Elterliches Eingreifen macht es oft noch schlimmer
"Obwohl Eltern geneigt sein mögen, als Schlichter einzugreifen, haben frühere Untersuchungen gezeigt, dass die elterliche Intervention bei Konflikten jugendlicher Geschwister verheerend sein kann", erklärt Campione-Barr. Die Forscher glauben daher, dass feste Hausregeln das beste Mittel seien, Streit zu beseitigen, beispielsweise: "Klopf an die Tür, bevor du das Zimmer von Bruder oder Schwester betrittst." Hilfreich seien auch feste Zeitpläne für die Mitarbeit im Haushalt und definierte Zeitvorgaben für das Videospielen. Auch dort, wo sich Kinder ein Zimmer teilen müssen, sollte Platz für Privatsphäre sein und diese von Eltern wie Geschwistern respektiert werden – beispielsweise ein Tagebuch.
"Wenn Eltern feststellen, dass ein Kind permanent den Kürzeren zieht, sollten sie dennoch Maßnahmen ergreifen, damit ein Kind nicht zu untergeordnet ist", betont Campione-Barr. Sollten viele geschwisterliche Interaktionen in heftigem Streit enden, womöglich mit Gewalt, raten die Forscher, professionelle Hilfe zu suchen.
Eine Schwäche der Studie besteht nach Angaben der Forscher in der kulturellen Beschränkung der Teilnehmer auf die weiße Mittelschicht. Andere Kulturen und finanzielle Schichten könnten ein anderes Verhältnis zu Privatsphäre, Fairness und emotionalem Wohlbefinden haben.

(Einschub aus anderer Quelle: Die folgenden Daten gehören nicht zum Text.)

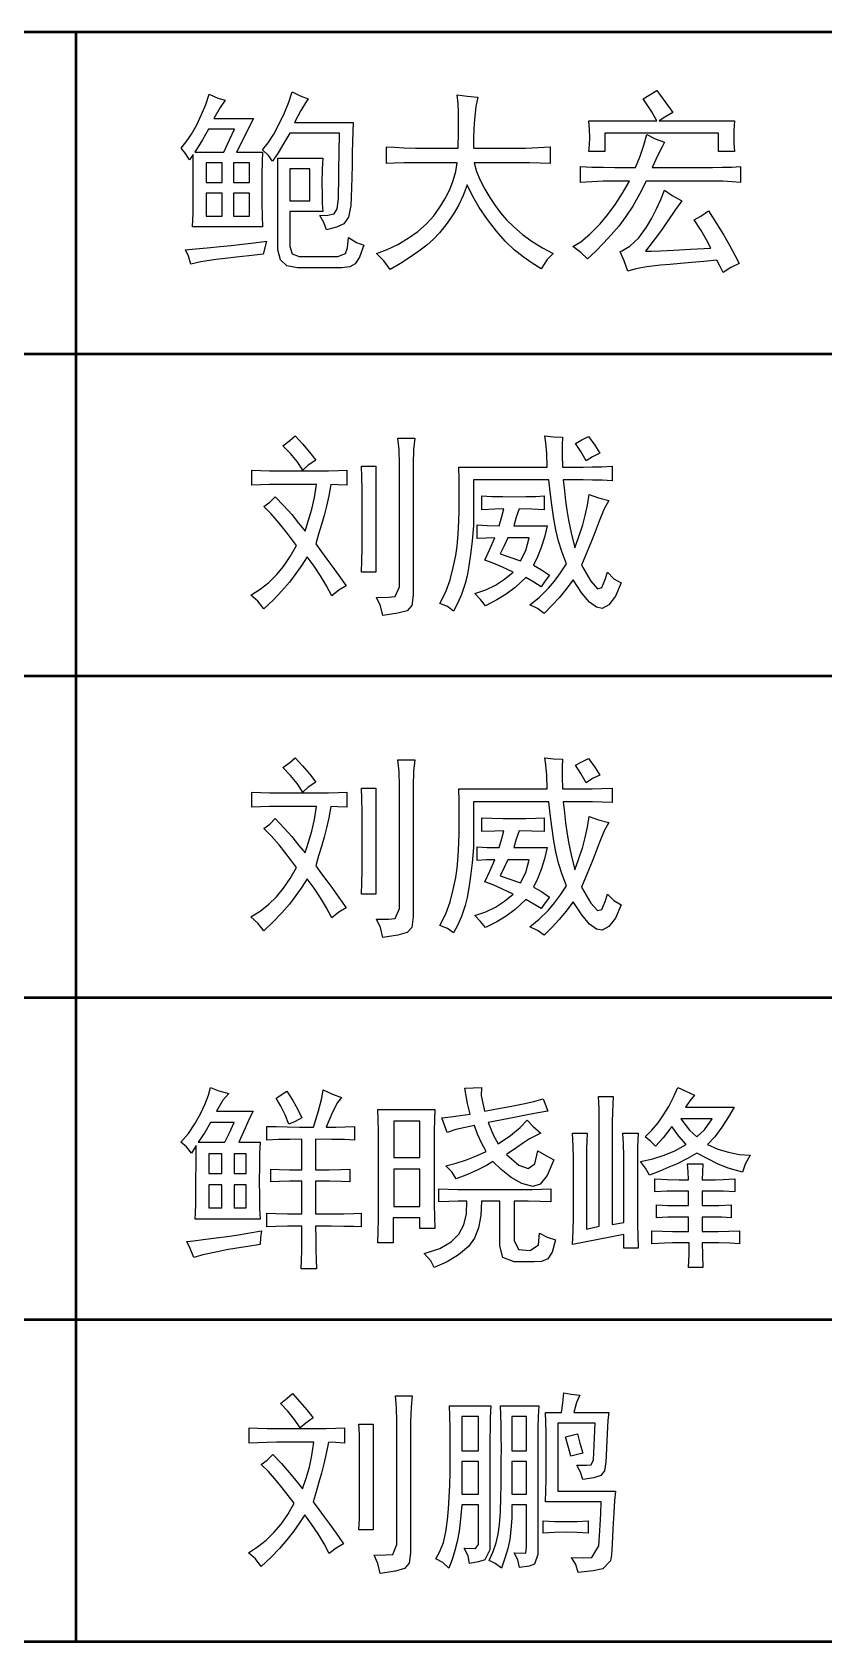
# Model space of a CAD drawing. Extents: x 0 to 1189, y 0 to 841.
# Drawn here: x 934.79 to 956.93, y 28 to 73 of the extents above; entities that cross this region are included whole.
import ezdxf

# ---------------------------------------------------------------- set-up
doc = ezdxf.new("R2010")
doc.units = 0

msp = doc.modelspace()

# ---------------------------------------------------------------- linework, layer by layer
at = {"color": 7, "lineweight": 50}
for p, q in [((1179, 73), (909, 73)), ((936.002, 73), (936.002, 28)), ((1011.002, 64), (909, 64)), ((1179, 55), (909, 55)), ((1011.002, 46), (909, 46)), ((1101, 37), (909, 37)), ((1011.002, 28), (909, 28))]:
    msp.add_line(p, q, dxfattribs=at)
at = {"color": 7, "lineweight": 25}
for points in [[(940.185, 71.096), (940.041, 70.894), (939.865, 70.585), (940.973, 70.585), (940.504, 69.647), (941.229, 69.647), (941.217, 69.382), (941.21, 69.041), (941.207, 68.624), (941.21, 68.213), (941.217, 67.857), (941.229, 67.559), (939.268, 67.559), (939.284, 67.943), (939.29, 68.198), (939.29, 69.583), (939.183, 69.434), (939.071, 69.61), (938.949, 69.754), (939.092, 69.931), (939.238, 70.151), (939.386, 70.414), (939.524, 70.698), (939.641, 70.982), (939.737, 71.267), (939.977, 71.16)], [(941.229, 69.711), (941.385, 69.905), (941.541, 70.147), (941.697, 70.436), (941.842, 70.743), (941.963, 71.042), (942.06, 71.33), (942.278, 71.219), (942.507, 71.139), (942.427, 71.027), (942.299, 70.807), (942.124, 70.478), (943.764, 70.478), (943.754, 70.22), (943.746, 69.935), (943.738, 69.623), (943.732, 69.285), (943.726, 68.951), (943.719, 68.651), (943.71, 68.386), (943.7, 68.156), (943.628, 67.825), (943.498, 67.644), (943.298, 67.548), (943.018, 67.474), (942.939, 67.682), (942.827, 67.879), (943.056, 67.889), (943.232, 67.921), (943.314, 68.057), (943.349, 68.337), (943.353, 68.523), (943.359, 68.8), (943.365, 69.169), (943.373, 69.629), (943.381, 70.18), (941.996, 70.18), (941.828, 69.893), (941.664, 69.631), (941.506, 69.392), (941.394, 69.557)], [(946.698, 69.754), (946.708, 70.196), (946.712, 70.53), (946.708, 70.755), (946.695, 71.006), (946.676, 71.245), (946.948, 71.208), (947.252, 71.181), (947.196, 70.92), (947.156, 70.563), (947.138, 70.294), (947.127, 70.024), (947.124, 69.754), (948.211, 69.754), (948.585, 69.758), (948.94, 69.773), (949.276, 69.796), (949.276, 69.328), (948.989, 69.339), (948.698, 69.347), (948.402, 69.349), (947.145, 69.349), (947.216, 69.106), (947.316, 68.861), (947.443, 68.614), (947.587, 68.375), (947.732, 68.155), (947.88, 67.953), (948.048, 67.758), (948.254, 67.556), (948.498, 67.346), (948.769, 67.145), (949.057, 66.967), (949.361, 66.813), (949.191, 66.643), (949.02, 66.387), (948.766, 66.541), (948.513, 66.719), (948.264, 66.92), (948.015, 67.155), (947.767, 67.436), (947.518, 67.762), (947.29, 68.101), (947.101, 68.424), (946.953, 68.731), (946.837, 68.436), (946.717, 68.177), (946.591, 67.953), (946.391, 67.658), (946.176, 67.389), (946.012, 67.218), (945.821, 67.048), (945.6, 66.877), (945.355, 66.707), (945.089, 66.536), (944.801, 66.366), (944.62, 66.606), (944.418, 66.813), (944.715, 66.927), (945.01, 67.069), (945.302, 67.24), (945.576, 67.432), (945.813, 67.642), (946.016, 67.868), (946.189, 68.106), (946.338, 68.351), (946.463, 68.603), (946.563, 68.856), (946.634, 69.105), (946.676, 69.349), (945.505, 69.349), (945.187, 69.347), (944.917, 69.339), (944.695, 69.328), (944.695, 69.796), (944.917, 69.782), (945.187, 69.768), (945.505, 69.754)], [(951.871, 71.139), (952.041, 71.24), (952.255, 71.373), (952.437, 71.124), (952.586, 70.919), (952.702, 70.755), (952.478, 70.622), (952.318, 70.521), (954.428, 70.521), (954.412, 70.26), (954.406, 70.073), (954.412, 69.898), (954.428, 69.669), (953.98, 69.669), (953.98, 70.18), (950.806, 70.18), (950.806, 69.669), (950.358, 69.669), (950.374, 69.85), (950.38, 70.052), (950.374, 70.276), (950.358, 70.521), (952.255, 70.521), (952.116, 70.771)], [(940.142, 69.647), (940.302, 69.988), (940.44, 70.286), (939.716, 70.286), (939.545, 69.988), (939.332, 69.647)], [(952.468, 69.924), (952.401, 69.799), (952.288, 69.564), (952.127, 69.221), (953.81, 69.221), (954.087, 69.223), (954.35, 69.231), (954.598, 69.242), (954.598, 68.795), (954.362, 68.819), (954.106, 68.833), (953.831, 68.838), (951.956, 68.838), (951.772, 68.471), (951.583, 68.14), (951.389, 67.843), (951.189, 67.58), (950.983, 67.339), (950.768, 67.106), (950.546, 66.881), (950.316, 66.664), (950.129, 66.845), (949.911, 67.005), (950.127, 67.142), (950.38, 67.356), (950.667, 67.644), (950.89, 67.903), (951.101, 68.188), (951.3, 68.499), (951.487, 68.838), (951.083, 68.838), (950.758, 68.833), (950.439, 68.819), (950.124, 68.795), (950.124, 69.242), (950.439, 69.231), (950.758, 69.223), (951.083, 69.221), (951.658, 69.221), (951.788, 69.531), (951.895, 69.837), (951.978, 70.137), (952.207, 70.02)], [(940.099, 68.795), (940.099, 69.349), (939.652, 69.349), (939.652, 68.795)], [(940.866, 68.795), (940.866, 69.349), (940.419, 69.349), (940.419, 68.795)], [(942.912, 69.477), (942.896, 69.184), (942.891, 68.774), (942.893, 68.478), (942.9, 68.215), (942.912, 67.985), (941.996, 67.985), (941.996, 67.005), (942.06, 66.808), (942.251, 66.728), (943.338, 66.728), (943.551, 66.813), (943.604, 66.968), (943.636, 67.261), (943.86, 67.122), (944.062, 67.048), (943.937, 66.715), (943.817, 66.526), (943.666, 66.438), (943.445, 66.409), (942.209, 66.409), (941.91, 66.465), (941.726, 66.636), (941.655, 66.92), (941.655, 69.477)], [(942.55, 68.284), (942.55, 69.178), (941.996, 69.178), (941.996, 68.284)], [(940.099, 67.857), (940.099, 68.497), (939.652, 68.497), (939.652, 67.857)], [(940.866, 67.857), (940.866, 68.497), (940.419, 68.497), (940.419, 67.857)], [(952.958, 68.284), (952.779, 68.041), (952.542, 67.698), (952.356, 67.431), (952.154, 67.158), (951.935, 66.877), (952.097, 66.881), (952.361, 66.891), (952.728, 66.908), (953.196, 66.932), (953.767, 66.963), (953.649, 67.192), (953.493, 67.455), (953.299, 67.751), (953.485, 67.857), (953.703, 68.007), (953.928, 67.648), (954.126, 67.321), (954.297, 67.027), (954.44, 66.766), (954.556, 66.536), (954.327, 66.419), (954.108, 66.281), (954.012, 66.483), (953.938, 66.622), (953.575, 66.589), (953.235, 66.559), (952.92, 66.531), (952.629, 66.506), (952.361, 66.483), (951.975, 66.442), (951.67, 66.388), (951.445, 66.323), (951.338, 66.606), (951.232, 66.856), (951.503, 67.018), (951.748, 67.249), (951.967, 67.548), (952.114, 67.801), (952.247, 68.057), (952.364, 68.318), (952.468, 68.582), (952.686, 68.433)], [(941.335, 67.154), (941.25, 66.792), (940.847, 66.751), (940.491, 66.712), (940.181, 66.676), (939.918, 66.643), (939.505, 66.579), (939.226, 66.515), (939.157, 66.734), (939.077, 66.92), (939.355, 66.939), (939.678, 66.967), (940.046, 67.005), (940.346, 67.038), (940.661, 67.074), (940.991, 67.113)], [(942.139, 61.717), (942.345, 61.49), (942.537, 61.263), (942.714, 61.035), (942.507, 60.891), (942.352, 60.758), (942.196, 60.995), (942.011, 61.222), (941.798, 61.44), (941.99, 61.584)], [(945.484, 61.653), (945.452, 61.334), (945.442, 60.929), (945.442, 57.264), (945.399, 56.974), (945.271, 56.827), (945.015, 56.755), (944.589, 56.689), (944.525, 56.966), (944.419, 57.2), (944.752, 57.205), (944.941, 57.221), (945.058, 57.498), (945.058, 60.929), (945.047, 61.323), (945.015, 61.653)], [(946.572, 56.817), (946.401, 56.944), (946.188, 57.03), (946.356, 57.355), (946.476, 57.69), (946.564, 58.031), (946.636, 58.372), (946.673, 58.631), (946.702, 58.954), (946.721, 59.341), (946.728, 59.603), (946.731, 59.883), (946.731, 60.184), (946.728, 60.504), (946.721, 60.844), (949.192, 60.844), (949.176, 61.225), (949.155, 61.516), (949.128, 61.717), (949.368, 61.685), (949.619, 61.675), (949.609, 61.459), (949.609, 61.182), (949.619, 60.844), (950.194, 60.844), (950.445, 60.846), (950.715, 60.853), (951.003, 60.865), (951.003, 60.46), (950.724, 60.472), (950.454, 60.479), (950.194, 60.481), (949.64, 60.481), (949.669, 60.179), (949.701, 59.899), (949.736, 59.64), (949.784, 59.357), (949.859, 59.005), (949.959, 58.585), (950.069, 58.873), (950.183, 59.224), (950.255, 59.489), (950.316, 59.773), (950.364, 60.077), (950.62, 59.981), (950.918, 59.906), (950.785, 59.677), (950.641, 59.331), (950.555, 59.102), (950.444, 58.819), (950.31, 58.484), (950.151, 58.095), (950.413, 57.648), (950.601, 57.442), (950.716, 57.477), (950.814, 57.701), (950.876, 57.903), (951.057, 57.722), (951.259, 57.605), (951.096, 57.232), (950.918, 56.994), (950.727, 56.891), (950.564, 56.921), (950.375, 57.064), (950.159, 57.321), (949.917, 57.69), (949.712, 57.416), (949.523, 57.189), (949.328, 56.979), (949.107, 56.753), (948.921, 56.886), (948.702, 56.987), (948.961, 57.2), (949.224, 57.456), (949.398, 57.655), (949.565, 57.882), (949.725, 58.138), (949.607, 58.456), (949.509, 58.771), (949.431, 59.084), (949.374, 59.395), (949.315, 59.79), (949.269, 60.152), (949.235, 60.481), (947.126, 60.481), (947.126, 59.203), (947.089, 58.777), (947.047, 58.402), (947, 58.078), (946.948, 57.805), (946.891, 57.584), (946.789, 57.281), (946.683, 57.025)], [(950.343, 61.696), (950.519, 61.451), (950.663, 61.227), (950.46, 61.131), (950.279, 61.014), (950.13, 61.275), (949.981, 61.504), (950.157, 61.605)], [(942.757, 60.737), (943.076, 60.739), (943.354, 60.746), (943.588, 60.758), (943.588, 60.332), (943.338, 60.348), (943.14, 60.354), (943.081, 60.04), (943.017, 59.752), (942.949, 59.491), (942.875, 59.236), (942.797, 58.97), (942.714, 58.692), (942.878, 58.473), (943.027, 58.27), (943.162, 58.084), (943.359, 57.81), (943.567, 57.52), (943.359, 57.397), (943.162, 57.243), (943.021, 57.52), (942.853, 57.797), (942.669, 58.068), (942.48, 58.329), (942.33, 58.1), (942.163, 57.865), (941.979, 57.626), (941.772, 57.382), (941.534, 57.134), (941.265, 56.88), (941.1, 57.094), (940.903, 57.264), (941.162, 57.431), (941.4, 57.619), (941.617, 57.829), (941.817, 58.067), (942.005, 58.34), (942.182, 58.649), (942.014, 58.87), (941.85, 59.08), (941.692, 59.278), (941.468, 59.536), (941.265, 59.736), (941.431, 59.858), (941.585, 60.013), (941.827, 59.76), (942.043, 59.512), (942.238, 59.275), (942.416, 59.054), (942.517, 59.355), (942.608, 59.661), (942.682, 59.989), (942.736, 60.354), (941.692, 60.354), (941.426, 60.351), (941.171, 60.344), (940.924, 60.332), (940.924, 60.758), (941.171, 60.746), (941.426, 60.739), (941.692, 60.737)], [(944.014, 60.204), (944.009, 60.572), (943.993, 60.865), (944.398, 60.865), (944.398, 57.903), (943.993, 57.903), (944.009, 58.217), (944.014, 58.564)], [(947.232, 59.224), (947.515, 59.208), (947.85, 59.203), (947.925, 59.459), (947.978, 59.672), (947.728, 59.666), (947.36, 59.65), (947.36, 60.034), (947.642, 60.022), (947.947, 60.015), (948.276, 60.013), (948.596, 60.015), (948.873, 60.022), (949.107, 60.034), (949.107, 59.65), (948.761, 59.666), (948.404, 59.672), (948.324, 59.437), (948.255, 59.203), (949.192, 59.203), (949.112, 58.886), (949.022, 58.596), (948.921, 58.332), (948.809, 58.095), (949.027, 57.972), (949.256, 57.818), (949.134, 57.664), (949.022, 57.498), (948.82, 57.626), (948.596, 57.754), (948.298, 57.477), (948.042, 57.285), (947.781, 57.131), (947.467, 56.966), (947.328, 57.136), (947.168, 57.307), (947.472, 57.408), (947.744, 57.541), (947.994, 57.706), (948.234, 57.903), (947.938, 58.045), (947.675, 58.159), (947.445, 58.244), (947.589, 58.548), (947.722, 58.862), (947.483, 58.857), (947.232, 58.841)], [(948.447, 58.223), (948.591, 58.51), (948.681, 58.862), (948.084, 58.862), (947.989, 58.644), (947.871, 58.415)], [(942.139, 52.717), (942.345, 52.49), (942.537, 52.263), (942.714, 52.035), (942.507, 51.891), (942.352, 51.758), (942.196, 51.995), (942.011, 52.222), (941.798, 52.44), (941.99, 52.584)], [(945.484, 52.653), (945.452, 52.334), (945.442, 51.929), (945.442, 48.264), (945.399, 47.974), (945.271, 47.827), (945.015, 47.755), (944.589, 47.689), (944.525, 47.966), (944.419, 48.2), (944.752, 48.205), (944.941, 48.221), (945.058, 48.498), (945.058, 51.929), (945.047, 52.323), (945.015, 52.653)], [(946.572, 47.817), (946.401, 47.944), (946.188, 48.03), (946.356, 48.355), (946.476, 48.69), (946.564, 49.031), (946.636, 49.372), (946.673, 49.631), (946.702, 49.954), (946.721, 50.341), (946.728, 50.603), (946.731, 50.883), (946.731, 51.184), (946.728, 51.504), (946.721, 51.844), (949.192, 51.844), (949.176, 52.225), (949.155, 52.516), (949.128, 52.717), (949.368, 52.685), (949.619, 52.675), (949.609, 52.459), (949.609, 52.182), (949.619, 51.844), (950.194, 51.844), (950.445, 51.846), (950.715, 51.853), (951.003, 51.865), (951.003, 51.46), (950.724, 51.472), (950.454, 51.479), (950.194, 51.481), (949.64, 51.481), (949.669, 51.179), (949.701, 50.899), (949.736, 50.64), (949.784, 50.357), (949.859, 50.005), (949.959, 49.585), (950.069, 49.873), (950.183, 50.224), (950.255, 50.489), (950.316, 50.773), (950.364, 51.077), (950.62, 50.981), (950.918, 50.906), (950.785, 50.677), (950.641, 50.331), (950.555, 50.102), (950.444, 49.819), (950.31, 49.484), (950.151, 49.095), (950.413, 48.648), (950.601, 48.442), (950.716, 48.477), (950.814, 48.701), (950.876, 48.903), (951.057, 48.722), (951.259, 48.605), (951.096, 48.232), (950.918, 47.994), (950.727, 47.891), (950.564, 47.921), (950.375, 48.064), (950.159, 48.321), (949.917, 48.69), (949.712, 48.416), (949.523, 48.189), (949.328, 47.979), (949.107, 47.753), (948.921, 47.886), (948.702, 47.987), (948.961, 48.2), (949.224, 48.456), (949.398, 48.655), (949.565, 48.882), (949.725, 49.138), (949.607, 49.456), (949.509, 49.771), (949.431, 50.084), (949.374, 50.395), (949.315, 50.79), (949.269, 51.152), (949.235, 51.481), (947.126, 51.481), (947.126, 50.203), (947.089, 49.777), (947.047, 49.402), (947, 49.078), (946.948, 48.805), (946.891, 48.584), (946.789, 48.281), (946.683, 48.025)], [(950.343, 52.696), (950.519, 52.451), (950.663, 52.227), (950.46, 52.131), (950.279, 52.014), (950.13, 52.275), (949.981, 52.504), (950.157, 52.605)], [(942.757, 51.737), (943.076, 51.739), (943.354, 51.746), (943.588, 51.758), (943.588, 51.332), (943.338, 51.348), (943.14, 51.354), (943.081, 51.04), (943.017, 50.752), (942.949, 50.491), (942.875, 50.236), (942.797, 49.97), (942.714, 49.692), (942.878, 49.473), (943.027, 49.27), (943.162, 49.084), (943.359, 48.81), (943.567, 48.52), (943.359, 48.397), (943.162, 48.243), (943.021, 48.52), (942.853, 48.797), (942.669, 49.068), (942.48, 49.329), (942.33, 49.1), (942.163, 48.865), (941.979, 48.626), (941.772, 48.382), (941.534, 48.134), (941.265, 47.88), (941.1, 48.094), (940.903, 48.264), (941.162, 48.431), (941.4, 48.619), (941.617, 48.829), (941.817, 49.067), (942.005, 49.34), (942.182, 49.649), (942.014, 49.87), (941.85, 50.08), (941.692, 50.278), (941.468, 50.536), (941.265, 50.736), (941.431, 50.858), (941.585, 51.013), (941.827, 50.76), (942.043, 50.512), (942.238, 50.275), (942.416, 50.054), (942.517, 50.355), (942.608, 50.661), (942.682, 50.989), (942.736, 51.354), (941.692, 51.354), (941.426, 51.351), (941.171, 51.344), (940.924, 51.332), (940.924, 51.758), (941.171, 51.746), (941.426, 51.739), (941.692, 51.737)], [(944.014, 51.204), (944.009, 51.572), (943.993, 51.865), (944.398, 51.865), (944.398, 48.903), (943.993, 48.903), (944.009, 49.217), (944.014, 49.564)], [(947.232, 50.224), (947.515, 50.208), (947.85, 50.203), (947.925, 50.459), (947.978, 50.672), (947.728, 50.666), (947.36, 50.65), (947.36, 51.034), (947.642, 51.022), (947.947, 51.015), (948.276, 51.013), (948.596, 51.015), (948.873, 51.022), (949.107, 51.034), (949.107, 50.65), (948.761, 50.666), (948.404, 50.672), (948.324, 50.437), (948.255, 50.203), (949.192, 50.203), (949.112, 49.886), (949.022, 49.596), (948.921, 49.332), (948.809, 49.095), (949.027, 48.972), (949.256, 48.818), (949.134, 48.664), (949.022, 48.498), (948.82, 48.626), (948.596, 48.754), (948.298, 48.477), (948.042, 48.285), (947.781, 48.131), (947.467, 47.966), (947.328, 48.136), (947.168, 48.307), (947.472, 48.408), (947.744, 48.541), (947.994, 48.706), (948.234, 48.903), (947.938, 49.045), (947.675, 49.159), (947.445, 49.244), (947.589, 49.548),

In einer weiteren Studie wollen die Psychologen nun untersuchen, welche positiven Auswirkungen die Beziehung zwischen jugendlichen Geschwistern und Eltern hat. "Starke gesunde Familienverhältnisse sind enorm wichtig im späteren Leben", sagt Campione-Barr. So gebe es Dinge, die Geschwister nur einander und niemandem sonst sagen würden.